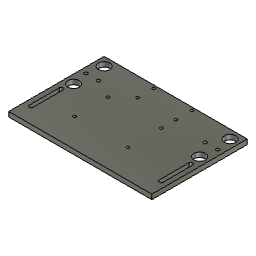
RollerPlate v14 (Autodesk Fusion 360 design; units mm, degrees)
Autodesk Fusion 360 part; units mm, degrees
sketch "Sketch1" plane through (0, 0, 0) normal (0, 0, 1) x (1, 0, 0)
  line L0 (-150, 100) -> (0, 100)
  line L1 (0, 100) -> (0, 0)
  line L2 (0, 0) -> (-150, 0)
  line L3 (-150, 0) -> (-150, 100)
  circle A0 centre (-135, 75) radius 3.25
  circle A1 centre (-115, 75) radius 3.25
  circle A2 centre (-35, 75) radius 3.25
  circle A3 centre (-15, 75) radius 3.25
  line L4 (-141, 48) -> (-141, 22)
  line L5 (-145, 22) -> (-145, 48)
  arc A4 (-143, 50) -> (-145, 48) centre (-143, 48) ccw
  arc A5 (-141, 48) -> (-143, 50) centre (-143, 48) ccw
  arc A6 (-145, 22) -> (-143, 20) centre (-143, 22) ccw
  arc A7 (-143, 20) -> (-141, 22) centre (-143, 22) ccw
  line L6 (-5, 48) -> (-5, 22)
  line L7 (-9, 22) -> (-9, 48)
  arc A8 (-7, 50) -> (-9, 48) centre (-7, 48) ccw
  arc A9 (-5, 48) -> (-7, 50) centre (-7, 48) ccw
  arc A10 (-9, 22) -> (-7, 20) centre (-7, 22) ccw
  arc A11 (-7, 20) -> (-5, 22) centre (-7, 22) ccw
  point P0 (-145, 50)
  point P1 (-141, 50)
  point P2 (-9, 50)
  point P3 (-5, 50)
  dimension "d1" = 150
  dimension "d2" = 100
  dimension "d3" = 6.5
  dimension "d4" = 25
  dimension "d5" = 15
  dimension "d6" = 6.5
  dimension "d7" = 6.5
  dimension "d8" = 6.5
  dimension "d9" = 20
  dimension "d10" = 15
  dimension "d11" = 20
  dimension "d53" = 4
  dimension "d55" = 5
  dimension "d57" = 2
  dimension "d58" = 2
  dimension "d59" = 2
  dimension "d60" = 4
  dimension "d62" = 5
  dimension "d64" = 2
  dimension "d65" = 2
  dimension "d66" = 2
  dimension "d67" = 2
  constraint horizontal L0
  constraint vertical L1
  constraint horizontal L2
  constraint vertical L3
  constraint coincident L1.end L2.start
  constraint vertical L4
  constraint vertical L5
  constraint coincident P0 L5
  constraint tangent L5 A4
  constraint coincident P1 L4
  constraint tangent L4 A5
  constraint coincident A4.start A5.end
  constraint tangent L5 A6
  constraint tangent L4 A7
  constraint equal A6 A7
  constraint coincident A6.end A7.start
  constraint vertical L6
  constraint vertical L7
  constraint coincident P2 L7
  constraint tangent L7 A8
  constraint coincident P3 L6
  constraint tangent L6 A9
  constraint coincident A8.start A9.end
  constraint tangent L7 A10
  constraint tangent L6 A11
  constraint coincident A10.end A11.start
  measures "d1" distance of L1 L3
  measures "d2" distance of L0 L2
  measures "d3" diameter of A0
  measures "d4" distance of L0 A0.centre
  measures "d5" distance of L3 A0.centre
  measures "d6" diameter of A1
  measures "d7" diameter of A2
  measures "d8" diameter of A3
  measures "d9" distance of A0.centre A1.centre
  measures "d10" distance of L1 A3.centre
  measures "d11" distance of A2.centre A3.centre
  measures "d53" distance of P0 P1
  measures "d55" distance of L3 L5
  measures "d57" radius of A4
  measures "d58" radius of A5
  measures "d59" radius of A6
  measures "d60" distance of P2 P3
  measures "d62" distance of L1 L6
  measures "d64" radius of A8
  measures "d65" radius of A9
  measures "d66" radius of A10
  measures "d67" radius of A11
extrude "Extrude1" add sketch "Sketch1" along normal blind 5 contours L0 L1 L2 L3 | L4 L5 A4 A5 A6 A7 | L6 L7 A8 A9 A10 A11 makes body 1
sketch "Sketch2" plane through (0, 0, 5) normal (0, 0, 1) x (-1, 0, 0)
  circle A0 centre (135, -75) radius 3.25
  circle A1 centre (35, -75) radius 3.25
  circle A2 centre (115, -75) radius 3.25
  circle A3 centre (15, -75) radius 3.25
  line L0 (150, 0) -> (0, 0)
  line L1 (0, 0) -> (0, -100)
  line L2 (0, -100) -> (150, -100)
  line L3 (150, -100) -> (150, 0)
  circle A4 centre (141, -91) radius 6
  circle A5 centre (141, -59) radius 6
  circle A6 centre (109, -91) radius 6
  circle A7 centre (109, -59) radius 6
  circle A8 centre (41, -91) radius 6
  circle A9 centre (41, -59) radius 6
  circle A10 centre (9, -91) radius 6
  circle A11 centre (9, -59) radius 6
  dimension "d25" = 12
  dimension "d26" = 9
  dimension "d27" = 9
  dimension "d28" = 12
  dimension "d29" = 12
  dimension "d30" = 12
  dimension "d31" = 12
  dimension "d32" = 12
  dimension "d33" = 12
  dimension "d34" = 12
  dimension "d35" = 9
  dimension "d36" = 9
  dimension "d37" = 41
  dimension "d38" = 41
  dimension "d39" = 41
  dimension "d40" = 41
  dimension "d41" = 9
  dimension "d42" = 9
  dimension "d43" = 41
  dimension "d44" = 41
  dimension "d45" = 9
  dimension "d46" = 9
  dimension "d47" = 41
  dimension "d48" = 41
  measures "d25" diameter of A4
  measures "d26" distance of L2 A4.centre
  measures "d27" distance of L3 A4.centre
  measures "d28" diameter of A5
  measures "d29" diameter of A6
  measures "d30" diameter of A7
  measures "d31" diameter of A8
  measures "d32" diameter of A9
  measures "d33" diameter of A10
  measures "d34" diameter of A11
  measures "d35" distance of L2 A6.centre
  measures "d36" distance of L3 A5.centre
  measures "d37" distance of L3 A6.centre
  measures "d38" distance of L3 A7.centre
  measures "d39" distance of L2 A5.centre
  measures "d40" distance of L2 A7.centre
  measures "d41" distance of L1 A10.centre
  measures "d42" distance of L1 A11.centre
  measures "d43" distance of L1 A8.centre
  measures "d44" distance of L1 A9.centre
  measures "d45" distance of L2 A10.centre
  measures "d46" distance of L2 A8.centre
  measures "d47" distance of L2 A11.centre
  measures "d48" distance of L2 A9.centre
extrude "Extrude2" cut sketch "Sketch2" against normal blind 5 contours A4 | A5 | A6 | A7 | A8 | A9 | A10 | A11 bodies 1
extrude "Extrude3" cut 1 faces at (-64.3973, 17.8049, 5) along direction (0, 0, -1) blind 1 on bodies 1 bodies 1
sketch "Sketch3" plane through (0, 0, 4) normal (0, 0, 1) x (-1, 0, 0)
  circle A0 centre (41, -91) radius 6
  circle A1 centre (141, -59) radius 6
  circle A2 centre (109, -59) radius 6
  circle A3 centre (9, -91) radius 6
  circle A4 centre (41, -59) radius 6
  circle A5 centre (141, -91) radius 6
  circle A6 centre (109, -91) radius 6
  circle A7 centre (9, -59) radius 6
  circle A8 centre (115, -75) radius 3.25
  circle A9 centre (135, -75) radius 3.25
  circle A10 centre (35, -75) radius 3.25
  circle A11 centre (15, -75) radius 3.25
  line L0 (150, 0) -> (0, 0)
  line L1 (0, 0) -> (0, -100)
  line L2 (0, -100) -> (150, -100)
  line L3 (150, -100) -> (150, 0)
  line L4 (144, -45) -> (142, -45)
  line L5 (141, -44) -> (141, -16)
  line L6 (142, -15) -> (144, -15)
  line L7 (145, -16) -> (145, -44)
  line L8 (8, -45) -> (6, -45)
  line L9 (5, -44) -> (5, -16)
  line L10 (6, -15) -> (8, -15)
  line L11 (9, -16) -> (9, -44)
  arc A12 (144, -45) -> (145, -44) centre (144, -44) ccw
  arc A13 (141, -44) -> (142, -45) centre (142, -44) ccw
  arc A14 (145, -16) -> (144, -15) centre (144, -16) ccw
  arc A15 (142, -15) -> (141, -16) centre (142, -16) ccw
  arc A16 (8, -45) -> (9, -44) centre (8, -44) ccw
  arc A17 (5, -44) -> (6, -45) centre (6, -44) ccw
  arc A18 (9, -16) -> (8, -15) centre (8, -16) ccw
  arc A19 (6, -15) -> (5, -16) centre (6, -16) ccw
  point P0 (145, -45)
  point P1 (141, -45)
  point P2 (9, -45)
  point P3 (5, -45)
  dimension "d70" = 4
  dimension "d71" = 30
  dimension "d72" = 55
  dimension "d73" = 5
  dimension "d74" = 4
  dimension "d75" = 30
  dimension "d76" = 55
  dimension "d77" = 5
  dimension "d78" = 1
  dimension "d79" = 1
  dimension "d80" = 1
  dimension "d81" = 1
  constraint horizontal L4
  constraint vertical L5
  constraint horizontal L6
  constraint vertical L7
  constraint horizontal L8
  constraint vertical L9
  constraint horizontal L10
  constraint vertical L11
  constraint coincident P0 L4
  constraint coincident P0 L7
  constraint tangent L4 A12
  constraint tangent L7 A12
  constraint coincident P1 L5
  constraint coincident P1 L4
  constraint tangent L5 A13
  constraint tangent L4 A13
  constraint tangent L7 A14
  constraint tangent L6 A14
  constraint equal A13 A14
  constraint tangent L5 A15
  constraint tangent L6 A15
  constraint equal A13 A15
  constraint coincident P2 L11
  constraint coincident P2 L8
  constraint tangent L11 A16
  constraint tangent L8 A16
  constraint coincident P3 L9
  constraint coincident P3 L8
  constraint tangent L9 A17
  constraint tangent L8 A17
  constraint tangent L10 A18
  constraint tangent L11 A18
  constraint equal A17 A18
  constraint tangent L9 A19
  constraint tangent L10 A19
  constraint equal A17 A19
  measures "d70" distance of P0 P1
  measures "d71" distance of L4 L6
  measures "d72" distance of L2 L4
  measures "d73" distance of L3 L7
  measures "d74" distance of P2 P3
  measures "d75" distance of L8 L10
  measures "d76" distance of L2 L8
  measures "d77" distance of L1 L9
  measures "d78" radius of A12
  measures "d79" radius of A13
  measures "d80" radius of A16
  measures "d81" radius of A17
extrude "Extrude5" cut sketch "Sketch3" against normal blind 5 contours L4 L5 L6 L7 A12 A13 A14 A15 | L8 L9 L10 L11 A16 A17 A18 A19 bodies 1
extrude "Extrude6" add 1 faces at (-64.6667, 28.3953, 4) along direction (0, 0, 1) blind 1 on bodies 1 bodies 1
extrude "Extrude7" cut 1 faces at (-64.6667, 28.3953, 5) along direction (0, 0, -1) blind 3 on bodies 1 bodies 1
extrude "Extrude8" add 1 faces at (-64.6667, 28.3953, 2) along direction (0, 0, 1) blind 3 on bodies 1 bodies 1
sketch "Sketch4" plane through (0, 0, 5) normal (0, 0, 1) x (-1, 0, 0)
  line L0 (142, -15) -> (144, -15)
  arc A0 (145, -16) -> (144, -15) centre (144, -16) ccw
  line L1 (145, -16) -> (145, -44)
  arc A1 (144, -45) -> (145, -44) centre (144, -44) ccw
  line L2 (144, -45) -> (142, -45)
  arc A2 (141, -44) -> (142, -45) centre (142, -44) ccw
  line L3 (141, -44) -> (141, -16)
  arc A3 (142, -15) -> (141, -16) centre (142, -16) ccw
  line L4 (6, -15) -> (8, -15)
  arc A4 (9, -16) -> (8, -15) centre (8, -16) ccw
  line L5 (9, -16) -> (9, -44)
  arc A5 (8, -45) -> (9, -44) centre (8, -44) ccw
  line L6 (8, -45) -> (6, -45)
  arc A6 (5, -44) -> (6, -45) centre (6, -44) ccw
  line L7 (5, -44) -> (5, -16)
  arc A7 (6, -15) -> (5, -16) centre (6, -16) ccw
  circle A8 centre (41, -91) radius 6
  circle A9 centre (141, -59) radius 6
  circle A10 centre (109, -59) radius 6
  circle A11 centre (9, -91) radius 6
  circle A12 centre (41, -59) radius 6
  circle A13 centre (141, -91) radius 6
  circle A14 centre (109, -91) radius 6
  circle A15 centre (9, -59) radius 6
  circle A16 centre (115, -75) radius 3.25
  circle A17 centre (135, -75) radius 3.25
  circle A18 centre (35, -75) radius 3.25
  circle A19 centre (15, -75) radius 3.25
  line L8 (150, 0) -> (0, 0)
  line L9 (0, 0) -> (0, -100)
  line L10 (0, -100) -> (150, -100)
  line L11 (150, -100) -> (150, 0)
  line L12 (75, -100) -> (75, 0)
  circle A20 centre (95, -34) radius 3.25
  circle A21 centre (55, -34) radius 3.25
  circle A22 centre (103, -75) radius 3.25
  circle A23 centre (95, -75) radius 3.25
  dimension "d96" = 6.5
  dimension "d97" = 20
  dimension "d99" = 6.5
  dimension "d100" = 20
  dimension "d102" = 34
  dimension "d103" = 34
  dimension "d104" = 6.5
  dimension "d105" = 6.5
  dimension "d106" = 28
  dimension "d108" = 25
  dimension "d109" = 25
  dimension "d113" = 20
  constraint midpoint L10 L12.start
  constraint midpoint L8 L12.end
  measures "d96" diameter of A20
  measures "d97" distance of L12 A20.centre
  measures "d99" diameter of A21
  measures "d100" distance of L12 A21.centre
  measures "d102" distance of L8 A20.centre
  measures "d103" distance of L8 A21.centre
  measures "d104" diameter of A22
  measures "d105" diameter of A23
  measures "d106" distance of L12 A22.centre
  measures "d108" distance of L10 A22.centre
  measures "d109" distance of L10 A23.centre
  measures "d113" distance of L12 A23.centre
extrude "Extrude9" cut sketch "Sketch4" against normal blind 8 contours A20 | A21 | A22 | A23 bodies 1
sketch "Sketch5" plane through (0, 0, 0) normal (0, 0, 1) x (1, 0, 0)
  circle A0 centre (-103, 75) radius 3.25
  circle A1 centre (-95, 75) radius 3.25
  dimension "d116" = 6.5
  dimension "d117" = 6.5
  measures "d116" diameter of A0
  measures "d117" diameter of A1
extrude "Extrude10" add sketch "Sketch5" along normal blind 5 bodies 1
sketch "Sketch6" plane through (0, 0, 5) normal (0, 0, 1) x (-1, 0, 0)
  circle A0 centre (95, -34) radius 3.25
  circle A1 centre (55, -34) radius 3.25
  line L0 (142, -15) -> (144, -15)
  arc A2 (145, -16) -> (144, -15) centre (144, -16) ccw
  line L1 (145, -16) -> (145, -44)
  arc A3 (144, -45) -> (145, -44) centre (144, -44) ccw
  line L2 (144, -45) -> (142, -45)
  arc A4 (141, -44) -> (142, -45) centre (142, -44) ccw
  line L3 (141, -44) -> (141, -16)
  arc A5 (142, -15) -> (141, -16) centre (142, -16) ccw
  line L4 (6, -15) -> (8, -15)
  arc A6 (9, -16) -> (8, -15) centre (8, -16) ccw
  line L5 (9, -16) -> (9, -44)
  arc A7 (8, -45) -> (9, -44) centre (8, -44) ccw
  line L6 (8, -45) -> (6, -45)
  arc A8 (5, -44) -> (6, -45) centre (6, -44) ccw
  line L7 (5, -44) -> (5, -16)
  arc A9 (6, -15) -> (5, -16) centre (6, -16) ccw
  circle A10 centre (41, -91) radius 6
  circle A11 centre (141, -59) radius 6
  circle A12 centre (109, -59) radius 6
  circle A13 centre (9, -91) radius 6
  circle A14 centre (41, -59) radius 6
  circle A15 centre (141, -91) radius 6
  circle A16 centre (109, -91) radius 6
  circle A17 centre (9, -59) radius 6
  circle A18 centre (115, -75) radius 3.25
  circle A19 centre (135, -75) radius 3.25
  circle A20 centre (35, -75) radius 3.25
  circle A21 centre (15, -75) radius 3.25
  line L8 (150, 0) -> (0, 0)
  line L9 (0, 0) -> (0, -100)
  line L10 (0, -100) -> (150, -100)
  line L11 (150, -100) -> (150, 0)
  circle A22 centre (75, -90) radius 3
  circle A23 centre (75, -60) radius 3
  circle A24 centre (94, -90) radius 1.5
  circle A25 centre (94, -60) radius 1.5
  circle A26 centre (56, -90) radius 1.5
  circle A27 centre (56, -60) radius 1.5
  dimension "d120" = 6
  dimension "d121" = 6
  dimension "d122" = 3
  dimension "d123" = 3
  dimension "d124" = 3
  dimension "d125" = 3
  dimension "d126" = 75
  dimension "d127" = 75
  dimension "d128" = 19
  dimension "d129" = 19
  dimension "d130" = 19
  dimension "d131" = 19
  dimension "d132" = 10
  dimension "d133" = 10
  dimension "d134" = 40
  dimension "d135" = 40
  dimension "d136" = 40
  dimension "d137" = 10
  measures "d120" diameter of A22
  measures "d121" diameter of A23
  measures "d122" diameter of A24
  measures "d123" diameter of A25
  measures "d124" diameter of A26
  measures "d125" diameter of A27
  measures "d126" distance of L11 A22.centre
  measures "d127" distance of L11 A23.centre
  measures "d128" horizontal distance of A22.centre A24.centre
  measures "d129" horizontal distance of A22.centre A26.centre
  measures "d130" horizontal distance of A23.centre A25.centre
  measures "d131" horizontal distance of A23.centre A27.centre
  measures "d132" distance of L10 A24.centre
  measures "d133" distance of L10 A26.centre
  measures "d134" distance of L10 A25.centre
  measures "d135" distance of L10 A27.centre
  measures "d136" distance of L10 A23.centre
  measures "d137" distance of L10 A22.centre
extrude "Extrude11" cut sketch "Sketch6" against normal blind 5 contours A22 | A23 | A24 | A25 | A26 | A27 bodies 1
sketch "Sketch7" plane through (0, 0, 5) normal (0, 0, 1) x (-1, 0, 0)
  circle A0 centre (75, -60) radius 3
  circle A1 centre (94, -90) radius 1.5
  circle A2 centre (56, -90) radius 1.5
  circle A3 centre (94, -60) radius 1.5
  circle A4 centre (75, -90) radius 3
  circle A5 centre (56, -60) radius 1.5
  circle A6 centre (95, -34) radius 3.25
  circle A7 centre (55, -34) radius 3.25
  line L0 (142, -15) -> (144, -15)
  arc A8 (145, -16) -> (144, -15) centre (144, -16) ccw
  line L1 (145, -16) -> (145, -44)
  arc A9 (144, -45) -> (145, -44) centre (144, -44) ccw
  line L2 (144, -45) -> (142, -45)
  arc A10 (141, -44) -> (142, -45) centre (142, -44) ccw
  line L3 (141, -44) -> (141, -16)
  arc A11 (142, -15) -> (141, -16) centre (142, -16) ccw
  line L4 (6, -15) -> (8, -15)
  arc A12 (9, -16) -> (8, -15) centre (8, -16) ccw
  line L5 (9, -16) -> (9, -44)
  arc A13 (8, -45) -> (9, -44) centre (8, -44) ccw
  line L6 (8, -45) -> (6, -45)
  arc A14 (5, -44) -> (6, -45) centre (6, -44) ccw
  line L7 (5, -44) -> (5, -16)
  arc A15 (6, -15) -> (5, -16) centre (6, -16) ccw
  circle A16 centre (41, -91) radius 6
  circle A17 centre (141, -59) radius 6
  circle A18 centre (109, -59) radius 6
  circle A19 centre (9, -91) radius 6
  circle A20 centre (41, -59) radius 6
  circle A21 centre (141, -91) radius 6
  circle A22 centre (109, -91) radius 6
  circle A23 centre (9, -59) radius 6
  circle A24 centre (115, -75) radius 3.25
  circle A25 centre (135, -75) radius 3.25
  circle A26 centre (35, -75) radius 3.25
  circle A27 centre (15, -75) radius 3.25
  line L8 (150, 0) -> (0, 0)
  line L9 (0, 0) -> (0, -100)
  line L10 (0, -100) -> (150, -100)
  line L11 (150, -100) -> (150, 0)
sketch "Sketch8" plane through (0, 0, 0) normal (0, 0, 1) x (1, 0, 0)
  circle A0 centre (-95, 34) radius 3.25
  circle A1 centre (-55, 34) radius 3.25
  dimension "d140" = 6.5
  dimension "d141" = 6.5
  measures "d140" diameter of A0
  measures "d141" diameter of A1
extrude "Extrude12" add sketch "Sketch8" along normal blind 5 bodies 1
sketch "Sketch9" plane through (0, 0, 5) normal (0, 0, 1) x (1, 0, 0)
  circle A0 centre (-94, 50) radius 1.5
  circle A1 centre (-94, 10) radius 1.5
  line L0 (-150, 100) -> (-150, 0)
  dimension "d144" = 3
  dimension "d145" = 3
  dimension "d164" = 56
  dimension "d165" = 56
  measures "d144" diameter of A0
  measures "d145" diameter of A1
  measures "d164" distance of A0.centre L0
  measures "d165" distance of A1.centre L0
extrude "Extrude13" cut sketch "Sketch9" against normal blind 5 bodies 1
sketch "Sketch10" plane through (0, 0, 5) normal (0, 0, 1) x (1, 0, 0)
  circle A0 centre (-144, 75) radius 1.75
  line L0 (0, 100) -> (-150, 100)
  line L1 (-150, 100) -> (-150, 0)
  circle A1 centre (-6, 75) radius 1.75
  line L2 (0, 0) -> (0, 100)
  dimension "d148" = 3.5
  dimension "d149" = 25
  dimension "d150" = 6
  dimension "d151" = 3.5
  dimension "d152" = 25
  dimension "d153" = 6
  measures "d148" diameter of A0
  measures "d149" distance of A0.centre L0
  measures "d150" distance of A0.centre L1
  measures "d151" diameter of A1
  measures "d152" distance of L0 A1.centre
  measures "d153" distance of A1.centre L2
extrude "Extrude14" cut sketch "Sketch10" against normal blind 6 bodies 1
sketch "Sketch11" plane through (0, 0, 5) normal (0, 0, 1) x (1, 0, 0)
  circle A0 centre (-56, 50) radius 1.5
  line L0 (0, 100) -> (-150, 100)
  line L1 (0, 0) -> (0, 100)
  circle A1 centre (-56, 10) radius 1.5
  dimension "d156" = 3
  dimension "d157" = 50
  dimension "d158" = 56
  dimension "d159" = 3
  dimension "d160" = 56
  dimension "d161" = 90
  measures "d156" diameter of A0
  measures "d157" distance of A0.centre L0
  measures "d158" distance of A0.centre L1
  measures "d159" diameter of A1
  measures "d160" distance of L1 A1.centre
  measures "d161" distance of L0 A1.centre
extrude "Extrude15" cut sketch "Sketch11" against normal blind 5 bodies 1
extrude "Extrude4" cut sketch "Sketch1" along normal blind 50 contours L4 L5 A4 A5 A6 A7 | L6 L7 A8 A9 A10 A11 bodies 1
sketch "Sketch12" plane through (0, 0, 5) normal (0, 0, 1) x (1, 0, 0)
  circle A0 centre (-56, 60) radius 1.4142
  circle A1 centre (-56, 50) radius 1.4142
  circle A2 centre (-94, 50) radius 1.4142
  circle A3 centre (-94, 60) radius 1.4142
  circle A4 centre (-94, 90) radius 1.4142
  circle A5 centre (-56, 90) radius 1.4142
  circle A6 centre (-75, 90) radius 3
  circle A7 centre (-75, 60) radius 3
  circle A8 centre (-135, 75) radius 3.25
  circle A9 centre (-115, 75) radius 3.25
  circle A10 centre (-109, 91) radius 6
  circle A11 centre (-109, 59) radius 6
  circle A12 centre (-35, 75) radius 3.25
  circle A13 centre (-41, 91) radius 6
  circle A14 centre (-15, 75) radius 3.25
  circle A15 centre (-41, 59) radius 6
  circle A16 centre (-94, 10) radius 1.5
  circle A17 centre (-56, 10) radius 1.5
  dimension "d166" = 6.5
  dimension "d167" = 6.5
  dimension "d168" = 12
  dimension "d169" = 12
  dimension "d170" = 6.5
  dimension "d171" = 12
  dimension "d172" = 6.5
  dimension "d173" = 12
  dimension "d174" = 3
  dimension "d175" = 3
  measures "d166" diameter of A8
  measures "d167" diameter of A9
  measures "d168" diameter of A10
  measures "d169" diameter of A11
  measures "d170" diameter of A12
  measures "d171" diameter of A13
  measures "d172" diameter of A14
  measures "d173" diameter of A15
  measures "d174" diameter of A16
  measures "d175" diameter of A17
extrude "Extrude16" add sketch "Sketch12" sketch "Sketch7" against normal blind 5 contours A1 | A2 | A8 | A16 | A17 of sketch 2 contours A0 | A1 | A2 | A3 | A4 | A5 | A16 | A18 | A20 | A22 | A24 | A26 | A27 bodies 1 makes body 2 at (-56.8255, 48.8517, 1.6667) makes body 3 at (-92.6711, 50.4837, 1.6667)
sketch "Sketch13" plane through (0, 0, 5) normal (0, 0, 1) x (-1, 0, 0)
  line L0 (5, -48) -> (5, -16)
  arc A0 (6, -15) -> (5, -16) centre (6, -16) ccw
  line L1 (6, -15) -> (8, -15)
  arc A1 (9, -16) -> (8, -15) centre (8, -16) ccw
  line L2 (9, -16) -> (9, -48)
  arc A2 (5, -48) -> (9, -48) centre (7, -48) ccw
  line L3 (141, -48) -> (141, -16)
  arc A3 (142, -15) -> (141, -16) centre (142, -16) ccw
  line L4 (142, -15) -> (144, -15)
  arc A4 (145, -16) -> (144, -15) centre (144, -16) ccw
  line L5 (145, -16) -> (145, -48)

━━━━

Find every line of the data that includes the string "midpoint". Copy each of those lines.

  constraint midpoint L10 L12.start
  constraint midpoint L8 L12.end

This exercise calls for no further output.